Stored entries:
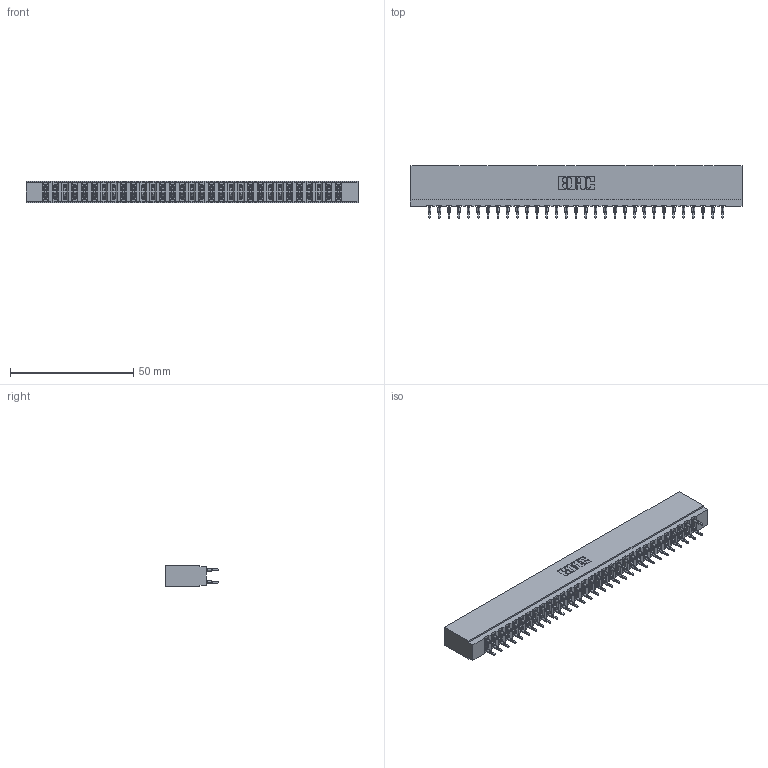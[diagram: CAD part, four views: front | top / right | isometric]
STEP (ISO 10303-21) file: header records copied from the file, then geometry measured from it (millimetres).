
FILE_DESCRIPTION (( 'STEP AP203' ), '1' );
FILE_NAME ('737-062-560-201.STEP', '2020-09-11T06:08:01', ( '' ), ( '' ), 'SwSTEP 2.0', 'SolidWorks 2020', '' );
FILE_SCHEMA (( 'CONFIG_CONTROL_DESIGN' ));
Length unit declared in the file: inch
Products named in the file (3): 737 Part_Insulator Option - 01; 737-062-560-201; 745-292-001_560
Assembly tree (63 placements, depth 2):
  737-062-560-201
    737 Part_Insulator Option - 01
    745-292-001_560  x62
Bounding box: 134.67 x 21.22 x 8.89 mm (x, y, z)
Volume: 13609.8 mm3; surface area: 20637.9 mm2
Topology: 63 solids, 63 shells, 6232 faces, 17057 edges, 10834 vertices
Faces by surface type: plane 3247, cylinder 1373, bspline 1240, torus 372
Entity records: 55010 total; most frequent: CARTESIAN_POINT 10057, ORIENTED_EDGE 9470, DIRECTION 8279, EDGE_CURVE 4735, VECTOR 4359, LINE 4359, VERTEX_POINT 3026, AXIS2_PLACEMENT_3D 1960
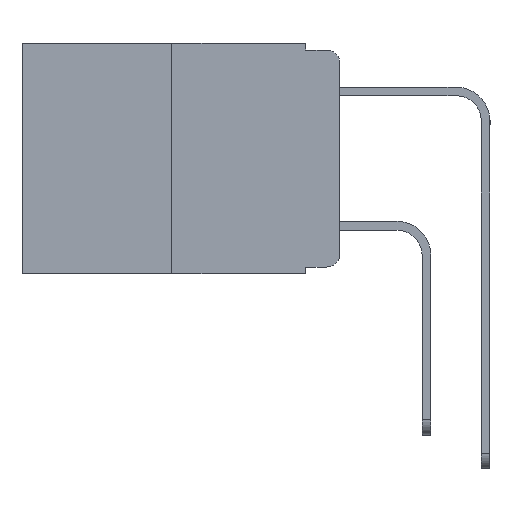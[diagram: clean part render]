
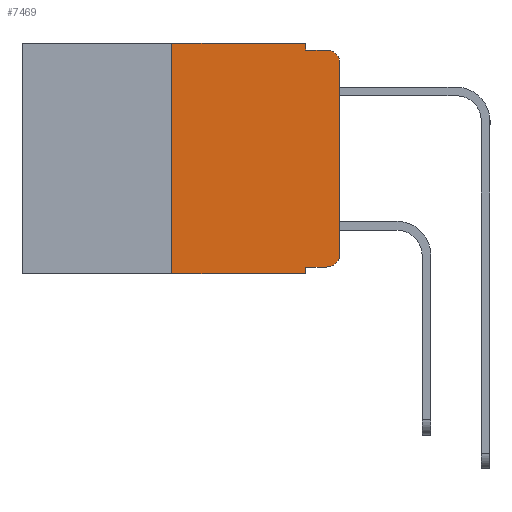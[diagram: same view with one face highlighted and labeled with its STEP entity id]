
A CAD part, left-side view. The second image highlights one B-rep face of the part: STEP entity #7469.
In plain terms, the highlighted planar face has unit normal (-1, 0, 0).
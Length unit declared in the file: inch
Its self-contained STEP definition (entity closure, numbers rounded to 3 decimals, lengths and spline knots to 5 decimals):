
#95 = EDGE_CURVE ( 'NONE', #5275, #7467, #1545, .T. ) ;
#563 = DIRECTION ( 'NONE',  ( 0., 0., 1. ) ) ;
#566 = CARTESIAN_POINT ( 'NONE',  ( 0., 0., 0. ) ) ;
#649 = EDGE_CURVE ( 'NONE', #2797, #9577, #1508, .T. ) ;
#699 = LINE ( 'NONE', #5979, #8965 ) ;
#730 = EDGE_LOOP ( 'NONE', ( #1124, #1183, #1257, #1347, #1398, #1457, #1653, #1782, #2029, #5506 ) ) ;
#736 = VECTOR ( 'NONE', #9325, 39.37008 ) ;
#801 = DIRECTION ( 'NONE',  ( 0., 0., -1. ) ) ;
#1091 = LINE ( 'NONE', #566, #11944 ) ;
#1124 = ORIENTED_EDGE ( 'NONE', *, *, #1509, .T. ) ;
#1183 = ORIENTED_EDGE ( 'NONE', *, *, #649, .T. ) ;
#1231 = DIRECTION ( 'NONE',  ( -1., 0., 0. ) ) ;
#1257 = ORIENTED_EDGE ( 'NONE', *, *, #13077, .F. ) ;
#1347 = ORIENTED_EDGE ( 'NONE', *, *, #12515, .F. ) ;
#1398 = ORIENTED_EDGE ( 'NONE', *, *, #95, .F. ) ;
#1457 = ORIENTED_EDGE ( 'NONE', *, *, #11936, .F. ) ;
#1508 = CIRCLE ( 'NONE', #10094, 0.02 ) ;
#1509 = EDGE_CURVE ( 'NONE', #2798, #2797, #1091, .T. ) ;
#1524 = CARTESIAN_POINT ( 'NONE',  ( 0., 0.25, 0. ) ) ;
#1545 = LINE ( 'NONE', #10602, #736 ) ;
#1653 = ORIENTED_EDGE ( 'NONE', *, *, #3914, .T. ) ;
#1782 = ORIENTED_EDGE ( 'NONE', *, *, #11353, .F. ) ;
#2029 = ORIENTED_EDGE ( 'NONE', *, *, #10752, .T. ) ;
#2405 = VERTEX_POINT ( 'NONE', #10203 ) ;
#2598 = CARTESIAN_POINT ( 'NONE',  ( 0., 0.051, -0.333 ) ) ;
#2605 = VERTEX_POINT ( 'NONE', #12492 ) ;
#2797 = VERTEX_POINT ( 'NONE', #4923 ) ;
#2798 = VERTEX_POINT ( 'NONE', #4877 ) ;
#3032 = DIRECTION ( 'NONE',  ( 0., 0., -1. ) ) ;
#3373 = LINE ( 'NONE', #7252, #3742 ) ;
#3742 = VECTOR ( 'NONE', #3032, 39.37008 ) ;
#3914 = EDGE_CURVE ( 'NONE', #12685, #2605, #699, .T. ) ;
#4450 = CARTESIAN_POINT ( 'NONE',  ( 0., 0.051, -0.01 ) ) ;
#4766 = CIRCLE ( 'NONE', #4908, 0.02 ) ;
#4877 = CARTESIAN_POINT ( 'NONE',  ( 0., 0., -0.313 ) ) ;
#4908 = AXIS2_PLACEMENT_3D ( 'NONE', #7775, #1231, #8729 ) ;
#4923 = CARTESIAN_POINT ( 'NONE',  ( 0., 0., -0.03 ) ) ;
#5091 = VECTOR ( 'NONE', #11028, 39.37008 ) ;
#5242 = CARTESIAN_POINT ( 'NONE',  ( 0., 0.051, -0.333 ) ) ;
#5275 = VERTEX_POINT ( 'NONE', #13189 ) ;
#5506 = ORIENTED_EDGE ( 'NONE', *, *, #10132, .T. ) ;
#5869 = VECTOR ( 'NONE', #7557, 39.37008 ) ;
#5979 = CARTESIAN_POINT ( 'NONE',  ( 0., 0.473, -0.343 ) ) ;
#6407 = CARTESIAN_POINT ( 'NONE',  ( 0., 0.051, 0. ) ) ;
#6737 = VERTEX_POINT ( 'NONE', #10019 ) ;
#7156 = CARTESIAN_POINT ( 'NONE',  ( 0., 0.02, -0.03 ) ) ;
#7252 = CARTESIAN_POINT ( 'NONE',  ( 0., 0.051, 0. ) ) ;
#7451 = DIRECTION ( 'NONE',  ( 1., 0., 0. ) ) ;
#7467 = VERTEX_POINT ( 'NONE', #6407 ) ;
#7469 = ADVANCED_FACE ( 'NONE', ( #10352 ), #12899, .F. ) ;
#7557 = DIRECTION ( 'NONE',  ( 0., -1., 0. ) ) ;
#7685 = DIRECTION ( 'NONE',  ( 0., 0., -1. ) ) ;
#7775 = CARTESIAN_POINT ( 'NONE',  ( 0., 0.02, -0.313 ) ) ;
#7868 = AXIS2_PLACEMENT_3D ( 'NONE', #12035, #7451, #801 ) ;
#8632 = CARTESIAN_POINT ( 'NONE',  ( 0., 0.051, 0. ) ) ;
#8729 = DIRECTION ( 'NONE',  ( 0., 0., -1. ) ) ;
#8965 = VECTOR ( 'NONE', #9231, 39.37008 ) ;
#8980 = VECTOR ( 'NONE', #10798, 39.37008 ) ;
#9231 = DIRECTION ( 'NONE',  ( 0., -1., 0. ) ) ;
#9325 = DIRECTION ( 'NONE',  ( 0., -1., 0. ) ) ;
#9577 = VERTEX_POINT ( 'NONE', #12615 ) ;
#10019 = CARTESIAN_POINT ( 'NONE',  ( 0., 0.02, -0.333 ) ) ;
#10094 = AXIS2_PLACEMENT_3D ( 'NONE', #7156, #10718, #10704 ) ;
#10132 = EDGE_CURVE ( 'NONE', #6737, #2798, #4766, .T. ) ;
#10203 = CARTESIAN_POINT ( 'NONE',  ( 0., 0.051, -0.01 ) ) ;
#10290 = LINE ( 'NONE', #5242, #5091 ) ;
#10352 = FACE_OUTER_BOUND ( 'NONE', #730, .T. ) ;
#10602 = CARTESIAN_POINT ( 'NONE',  ( 0., 0.473, 0. ) ) ;
#10665 = CARTESIAN_POINT ( 'NONE',  ( 0., 0.25, -0.343 ) ) ;
#10704 = DIRECTION ( 'NONE',  ( 0., 0., -1. ) ) ;
#10718 = DIRECTION ( 'NONE',  ( -1., 0., 0. ) ) ;
#10752 = EDGE_CURVE ( 'NONE', #11861, #6737, #10290, .T. ) ;
#10798 = DIRECTION ( 'NONE',  ( 0., 0., 1. ) ) ;
#11028 = DIRECTION ( 'NONE',  ( 0., -1., 0. ) ) ;
#11353 = EDGE_CURVE ( 'NONE', #11861, #2605, #3373, .T. ) ;
#11692 = LINE ( 'NONE', #1524, #8980 ) ;
#11861 = VERTEX_POINT ( 'NONE', #2598 ) ;
#11936 = EDGE_CURVE ( 'NONE', #12685, #5275, #11692, .T. ) ;
#11944 = VECTOR ( 'NONE', #563, 39.37008 ) ;
#11947 = VECTOR ( 'NONE', #7685, 39.37008 ) ;
#12035 = CARTESIAN_POINT ( 'NONE',  ( 0., 0.473, 0. ) ) ;
#12213 = LINE ( 'NONE', #8632, #11947 ) ;
#12492 = CARTESIAN_POINT ( 'NONE',  ( 0., 0.051, -0.343 ) ) ;
#12515 = EDGE_CURVE ( 'NONE', #7467, #2405, #12213, .T. ) ;
#12615 = CARTESIAN_POINT ( 'NONE',  ( 0., 0.02, -0.01 ) ) ;
#12685 = VERTEX_POINT ( 'NONE', #10665 ) ;
#12899 = PLANE ( 'NONE',  #7868 ) ;
#13008 = LINE ( 'NONE', #4450, #5869 ) ;
#13077 = EDGE_CURVE ( 'NONE', #2405, #9577, #13008, .T. ) ;
#13189 = CARTESIAN_POINT ( 'NONE',  ( 0., 0.25, 0. ) ) ;
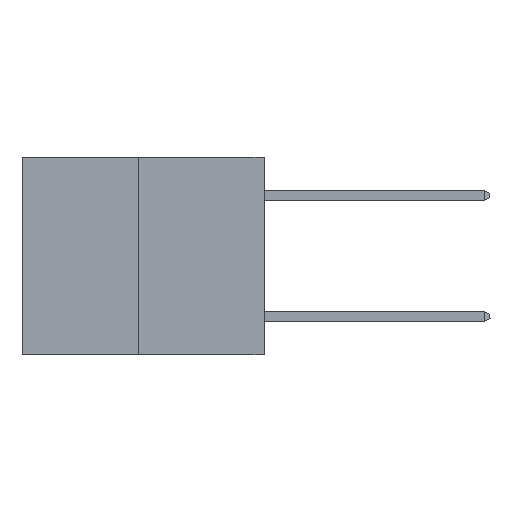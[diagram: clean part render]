
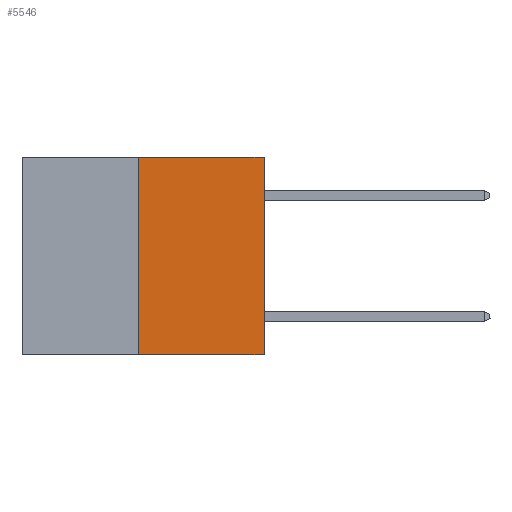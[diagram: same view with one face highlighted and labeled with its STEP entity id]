
A CAD part, left-side view. The second image highlights one B-rep face of the part: STEP entity #5546.
In plain terms, the highlighted planar face has unit normal (-1, 0, 0).
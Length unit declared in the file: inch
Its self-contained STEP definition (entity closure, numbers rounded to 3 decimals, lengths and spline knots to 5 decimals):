
#703 = VECTOR ( 'NONE', #5654, 39.37008 ) ;
#1737 = LINE ( 'NONE', #21133, #703 ) ;
#1805 = DIRECTION ( 'NONE',  ( 0., 0., 1. ) ) ;
#2045 = EDGE_CURVE ( 'NONE', #9089, #21958, #1737, .T. ) ;
#3086 = VERTEX_POINT ( 'NONE', #9953 ) ;
#3589 = EDGE_CURVE ( 'NONE', #21958, #22017, #11091, .T. ) ;
#3602 = CARTESIAN_POINT ( 'NONE',  ( 0., 0.6, 0. ) ) ;
#3818 = ORIENTED_EDGE ( 'NONE', *, *, #3589, .T. ) ;
#4361 = LINE ( 'NONE', #3602, #15307 ) ;
#4411 = EDGE_CURVE ( 'NONE', #3086, #22017, #4361, .T. ) ;
#4842 = CARTESIAN_POINT ( 'NONE',  ( 0., 0.6, 0. ) ) ;
#5546 = ADVANCED_FACE ( 'NONE', ( #12765 ), #11758, .F. ) ;
#5654 = DIRECTION ( 'NONE',  ( 0., -1., 0. ) ) ;
#5882 = AXIS2_PLACEMENT_3D ( 'NONE', #4842, #16724, #11892 ) ;
#6620 = CARTESIAN_POINT ( 'NONE',  ( 0., 0.312, -0.49 ) ) ;
#7867 = EDGE_CURVE ( 'NONE', #9089, #3086, #12417, .T. ) ;
#9089 = VERTEX_POINT ( 'NONE', #11486 ) ;
#9953 = CARTESIAN_POINT ( 'NONE',  ( 0., 0.312, 0. ) ) ;
#10696 = CARTESIAN_POINT ( 'NONE',  ( 0., 0., 0. ) ) ;
#11091 = LINE ( 'NONE', #13641, #15299 ) ;
#11486 = CARTESIAN_POINT ( 'NONE',  ( 0., 0.312, -0.49 ) ) ;
#11758 = PLANE ( 'NONE',  #5882 ) ;
#11892 = DIRECTION ( 'NONE',  ( 0., 0., -1. ) ) ;
#12417 = LINE ( 'NONE', #6620, #14258 ) ;
#12765 = FACE_OUTER_BOUND ( 'NONE', #15906, .T. ) ;
#13554 = ORIENTED_EDGE ( 'NONE', *, *, #7867, .F. ) ;
#13641 = CARTESIAN_POINT ( 'NONE',  ( 0., 0., 0. ) ) ;
#14258 = VECTOR ( 'NONE', #18793, 39.37008 ) ;
#15299 = VECTOR ( 'NONE', #1805, 39.37008 ) ;
#15307 = VECTOR ( 'NONE', #17192, 39.37008 ) ;
#15390 = ORIENTED_EDGE ( 'NONE', *, *, #4411, .F. ) ;
#15906 = EDGE_LOOP ( 'NONE', ( #13554, #16565, #3818, #15390 ) ) ;
#16565 = ORIENTED_EDGE ( 'NONE', *, *, #2045, .T. ) ;
#16724 = DIRECTION ( 'NONE',  ( 1., 0., 0. ) ) ;
#17192 = DIRECTION ( 'NONE',  ( 0., -1., 0. ) ) ;
#18793 = DIRECTION ( 'NONE',  ( 0., 0., 1. ) ) ;
#20845 = CARTESIAN_POINT ( 'NONE',  ( 0., 0., -0.49 ) ) ;
#21133 = CARTESIAN_POINT ( 'NONE',  ( 0., 0.6, -0.49 ) ) ;
#21958 = VERTEX_POINT ( 'NONE', #20845 ) ;
#22017 = VERTEX_POINT ( 'NONE', #10696 ) ;

* _TO DO_:
All lines above in which the word "records" occurs should be identified and copied.

* _ANSWER TO THIS EXERCISE_:
STEP (ISO 10303-21) file: header records copied from the file, then geometry measured from it (millimetres).
Entity records: 55010 total; most frequent: CARTESIAN_POINT 10057, ORIENTED_EDGE 9470, DIRECTION 8279, EDGE_CURVE 4735, VECTOR 4359, LINE 4359, VERTEX_POINT 3026, AXIS2_PLACEMENT_3D 1960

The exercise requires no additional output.